賈巴里忽然提高聲音打斷耐羅,他像是上臺表演的演員一樣披著外套轉身,舉起手做出浮誇的致敬動作:“我們也別無選擇,只能服從那位魔術師的安排。你放心,只要我們等待,事情總會向好的方向發展的。”
耐羅看到賈巴里的手勢和眼神,他瞬間明白對方的意思:“既然這樣的話,我會稍微期待一下的。只是如果你騙了我的話,我絕對會給你好看。”
“這你放心,我可是有信譽保證的,不然怎麼可能活到現在?”賈巴里擺擺手表示一切都會按照計劃進行,讓耐羅注意不要露出破綻,“你的孩子們現在怎麼樣了,還健康嗎?沒有被做奇怪的事情吧?”
“那些孩子過得很好,甚至比我照顧他們的時候過得更好……我在想我是不是應該把他們交給教會……”
提到收養的孩子,耐羅的表情瞬間柔和許多,他甚至開始有將這些孩子及交給教會撫養的想法。
聽到耐羅的話,賈巴里臉上的悠閒忽然消失。
他放下剛拿起的茶杯起身走到耐羅面前,一把摁住對方肩頭低頭警告道:“就算孩子們很幸福,你也絕對不能把他們留給教會!教會就是這種充滿惡意的地方,他們會對自己有用的人給予關心,等到需要的時候這些人就是消耗品!你無法照顧那群孩子的話,可以把他們交給我。我會幫你找到對孩子負責的人,但你絕對不能讓教會收留他們!”
“我是怎麼來這裡的?我記得在對付那隻白色大狗的時候忽然被金色的甲蟲包圍,之後我被一個老傢伙從那個酒館裡面帶出去,可後面發生什麼我一點記憶都沒有了。”
金棕色短髮,眼眸深藍如夜的女性坐在椅子上痛苦地扶著額頭,她試圖回憶之前的事情,而這麼做的結果就是頭痛得好像要裂開了。
所有的記憶就像漿糊一樣混在一起模糊不清,她隱約記得自己和什麼人一起經歷了非常危險的事情,後來他們成功從那個地方逃離。

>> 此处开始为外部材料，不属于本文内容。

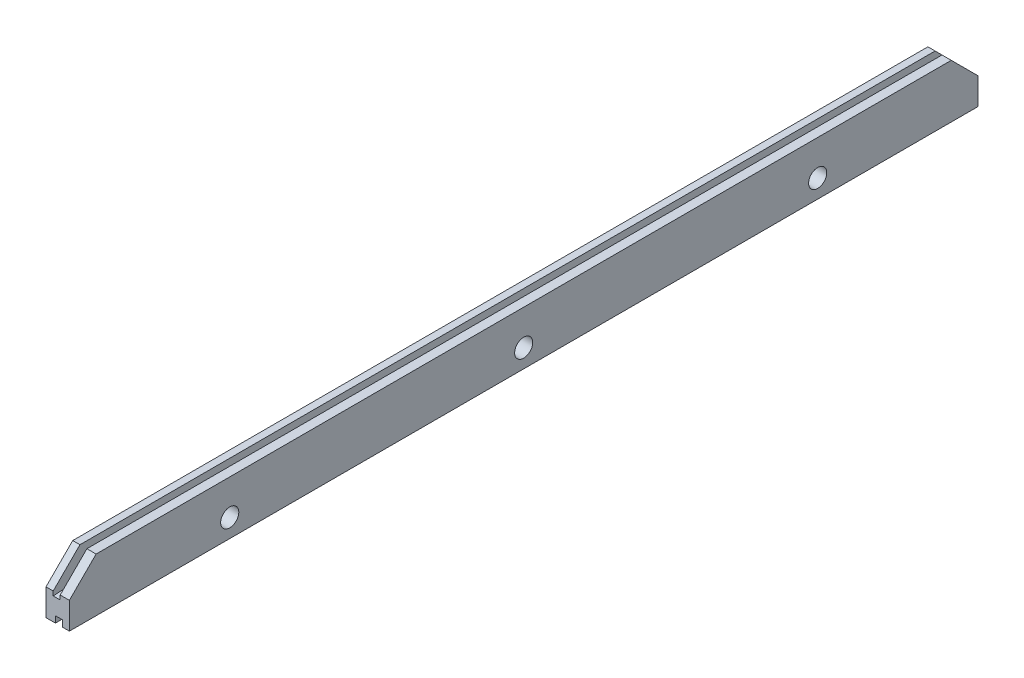
ISO-10303-21;
HEADER;
FILE_DESCRIPTION(('STEP AP214'),'2;1');
FILE_NAME('part.step','',(''),(''),'','','');
FILE_SCHEMA(('AUTOMOTIVE_DESIGN { 1 0 10303 214 1 1 1 1 }'));
ENDSEC;
DATA;
#1=APPLICATION_CONTEXT('core data for automotive mechanical design processes');
#2=APPLICATION_PROTOCOL_DEFINITION('international standard','automotive_design',2000,#1);
#3=PRODUCT_CONTEXT('',#1,'mechanical');
#4=PRODUCT('Part','Part','',(#3));
#5=PRODUCT_RELATED_PRODUCT_CATEGORY('part','',(#4));
#6=PRODUCT_DEFINITION_FORMATION('','',#4);
#7=PRODUCT_DEFINITION_CONTEXT('part definition',#1,'design');
#8=PRODUCT_DEFINITION('design','',#6,#7);
#9=PRODUCT_DEFINITION_SHAPE('','',#8);
#10=(LENGTH_UNIT() NAMED_UNIT(*) SI_UNIT(.MILLI.,.METRE.));
#11=(NAMED_UNIT(*) PLANE_ANGLE_UNIT() SI_UNIT($,.RADIAN.));
#12=(NAMED_UNIT(*) SI_UNIT($,.STERADIAN.) SOLID_ANGLE_UNIT());
#13=UNCERTAINTY_MEASURE_WITH_UNIT(LENGTH_MEASURE(1.E-05),#10,'distance_accuracy_value','');
#14=(GEOMETRIC_REPRESENTATION_CONTEXT(3) GLOBAL_UNCERTAINTY_ASSIGNED_CONTEXT((#13)) GLOBAL_UNIT_ASSIGNED_CONTEXT((#10,
#11,#12)) REPRESENTATION_CONTEXT('',''));
#15=CARTESIAN_POINT('',(0.,0.,0.));
#16=DIRECTION('',(0.,0.,1.));
#17=DIRECTION('',(1.,0.,0.));
#18=AXIS2_PLACEMENT_3D('',#15,#16,#17);
#19=CARTESIAN_POINT('',(0.,-4.7625,107.95));
#20=DIRECTION('',(0.,1.,0.));
#21=DIRECTION('',(0.,0.,1.));
#22=AXIS2_PLACEMENT_3D('',#19,#20,#21);
#23=PLANE('',#22);
#24=DIRECTION('',(1.,0.,0.));
#25=VECTOR('',#24,1.);
#26=CARTESIAN_POINT('',(0.,-4.7625,-107.95));
#27=LINE('',#26,#25);
#28=CARTESIAN_POINT('',(0.,-4.7625,-107.95));
#29=VERTEX_POINT('',#28);
#30=CARTESIAN_POINT('',(2.23519999999999,-4.7625,-107.95));
#31=VERTEX_POINT('',#30);
#32=EDGE_CURVE('E184',#29,#31,#27,.T.);
#33=ORIENTED_EDGE('',*,*,#32,.T.);
#34=DIRECTION('',(0.,0.,1.));
#35=VECTOR('',#34,1.);
#36=CARTESIAN_POINT('',(2.23519999999999,-4.7625,-107.95));
#37=LINE('',#36,#35);
#38=CARTESIAN_POINT('',(2.23519999999999,-4.7625,107.95));
#39=VERTEX_POINT('',#38);
#40=EDGE_CURVE('E165',#31,#39,#37,.T.);
#41=ORIENTED_EDGE('',*,*,#40,.T.);
#42=DIRECTION('',(1.,0.,0.));
#43=VECTOR('',#42,1.);
#44=CARTESIAN_POINT('',(0.,-4.7625,107.95));
#45=LINE('',#44,#43);
#46=CARTESIAN_POINT('',(0.,-4.7625,107.95));
#47=VERTEX_POINT('',#46);
#48=EDGE_CURVE('E318',#47,#39,#45,.T.);
#49=ORIENTED_EDGE('',*,*,#48,.F.);
#50=DIRECTION('',(0.,0.,-1.));
#51=VECTOR('',#50,1.);
#52=CARTESIAN_POINT('',(0.,-4.7625,107.95));
#53=LINE('',#52,#51);
#54=EDGE_CURVE('E192',#47,#29,#53,.T.);
#55=ORIENTED_EDGE('',*,*,#54,.T.);
#56=EDGE_LOOP('',(#33,#41,#49,#55));
#57=FACE_BOUND('',#56,.T.);
#58=ADVANCED_FACE('F40',(#57),#23,.F.);
#59=CARTESIAN_POINT('',(0.,4.7625,107.95));
#60=DIRECTION('',(1.,0.,0.));
#61=DIRECTION('',(0.,0.,-1.));
#62=AXIS2_PLACEMENT_3D('',#59,#60,#61);
#63=PLANE('',#62);
#64=CARTESIAN_POINT('',(0.,-0.396874999999998,69.85));
#65=DIRECTION('',(-1.,0.,0.));
#66=DIRECTION('',(0.,0.,1.));
#67=AXIS2_PLACEMENT_3D('',#64,#65,#66);
#68=CIRCLE('',#67,2.15265);
#69=CARTESIAN_POINT('',(0.,-0.396874999999998,72.00265));
#70=VERTEX_POINT('',#69);
#71=EDGE_CURVE('E390',#70,#70,#68,.T.);
#72=ORIENTED_EDGE('',*,*,#71,.F.);
#73=EDGE_LOOP('',(#72));
#74=FACE_BOUND('',#73,.T.);
#75=CARTESIAN_POINT('',(0.,-0.396874999999998,-69.85));
#76=DIRECTION('',(-1.,0.,0.));
#77=DIRECTION('',(0.,0.,1.));
#78=AXIS2_PLACEMENT_3D('',#75,#76,#77);
#79=CIRCLE('',#78,2.15265);
#80=CARTESIAN_POINT('',(0.,-0.396874999999998,-67.69735));
#81=VERTEX_POINT('',#80);
#82=EDGE_CURVE('E382',#81,#81,#79,.T.);
#83=ORIENTED_EDGE('',*,*,#82,.F.);
#84=EDGE_LOOP('',(#83));
#85=FACE_BOUND('',#84,.T.);
#86=CARTESIAN_POINT('',(0.,-0.396874999999998,0.));
#87=DIRECTION('',(-1.,0.,0.));
#88=DIRECTION('',(0.,0.,1.));
#89=AXIS2_PLACEMENT_3D('',#86,#87,#88);
#90=CIRCLE('',#89,2.15265);
#91=CARTESIAN_POINT('',(0.,-0.396874999999998,2.15265));
#92=VERTEX_POINT('',#91);
#93=EDGE_CURVE('E374',#92,#92,#90,.T.);
#94=ORIENTED_EDGE('',*,*,#93,.F.);
#95=EDGE_LOOP('',(#94));
#96=FACE_BOUND('',#95,.T.);
#97=DIRECTION('',(0.,0.,1.));
#98=VECTOR('',#97,1.);
#99=CARTESIAN_POINT('',(0.,7.9375,-107.95));
#100=LINE('',#99,#98);
#101=CARTESIAN_POINT('',(0.,7.9375,-101.6));
#102=VERTEX_POINT('',#101);
#103=CARTESIAN_POINT('',(0.,7.9375,101.6));
#104=VERTEX_POINT('',#103);
#105=EDGE_CURVE('E398',#102,#104,#100,.T.);
#106=ORIENTED_EDGE('',*,*,#105,.F.);
#107=DIRECTION('',(0.,-0.707106781186549,-0.707106781186546));
#108=VECTOR('',#107,1.);
#109=CARTESIAN_POINT('',(0.,7.9375,-101.6));
#110=LINE('',#109,#108);
#111=CARTESIAN_POINT('',(0.,1.58749999999998,-107.95));
#112=VERTEX_POINT('',#111);
#113=EDGE_CURVE('E255',#102,#112,#110,.T.);
#114=ORIENTED_EDGE('',*,*,#113,.T.);
#115=DIRECTION('',(0.,-1.,0.));
#116=VECTOR('',#115,1.);
#117=CARTESIAN_POINT('',(0.,4.7625,-107.95));
#118=LINE('',#117,#116);
#119=EDGE_CURVE('E203',#112,#29,#118,.T.);
#120=ORIENTED_EDGE('',*,*,#119,.T.);
#121=ORIENTED_EDGE('',*,*,#54,.F.);
#122=DIRECTION('',(0.,-1.,0.));
#123=VECTOR('',#122,1.);
#124=CARTESIAN_POINT('',(0.,4.7625,107.95));
#125=LINE('',#124,#123);
#126=CARTESIAN_POINT('',(0.,1.58749999999998,107.95));
#127=VERTEX_POINT('',#126);
#128=EDGE_CURVE('E201',#127,#47,#125,.T.);
#129=ORIENTED_EDGE('',*,*,#128,.F.);
#130=DIRECTION('',(0.,-0.707106781186549,0.707106781186546));
#131=VECTOR('',#130,1.);
#132=CARTESIAN_POINT('',(0.,7.9375,101.6));
#133=LINE('',#132,#131);
#134=EDGE_CURVE('E252',#127,#104,#133,.F.);
#135=ORIENTED_EDGE('',*,*,#134,.T.);
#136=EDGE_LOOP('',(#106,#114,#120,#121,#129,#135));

“好痛……我應該感覺不到痛的,為什麼會這麼痛呢?我好像忘記了什麼?”
無論是心臟還是腦袋都疼得令德斯坦心煩,她咬緊牙關用尖銳的指甲在手臂上劃出傷口。
看著鮮血湧出滴在地上,她也沒能像往常一樣讓她放鬆下來,反倒是讓更多的記憶碎片從記憶中湧出。
“你別這樣了,傷害自己能得到什麼好處呢?不如喝點藥好好睡一覺。”
“滾開,小心我一拳打碎你的臉!我們才剛認識,你也不必在這裡裝好人!”
“你這個小鬼還真是讓人不痛快,算了,我也不和你計較這麼多。”
賈巴里一手端著托盤,一手叉腰歪頭無奈地看著因痛苦身體不斷顫抖的德斯坦,他把托盤上的水杯放在她身後的桌子上:“這種藥是從藥劑師那裡買來的,沒有什麼味道,喝了以後能睡個好覺。我認為你現在最需要的就是這個,當然喝不喝還是看你,我就先走了。”
賈巴里說完快速地離開房間,聽到關門聲和腳步聲遠去後,臉色蒼白的德斯坦才站起來踉踉蹌蹌地走到桌邊。
她看著那杯呈現淡淡薰衣草紫色的藥劑,猶豫很久才把藥劑端起來一飲而盡。
“我才不是想逃避,只是想不起來實在是太難受了!只要睡一覺,一切肯定都會好起來的……”德斯坦說著重新坐回到椅子上,睏意瞬間襲來拉下她的眼皮,半分鐘後她真的就睡著了。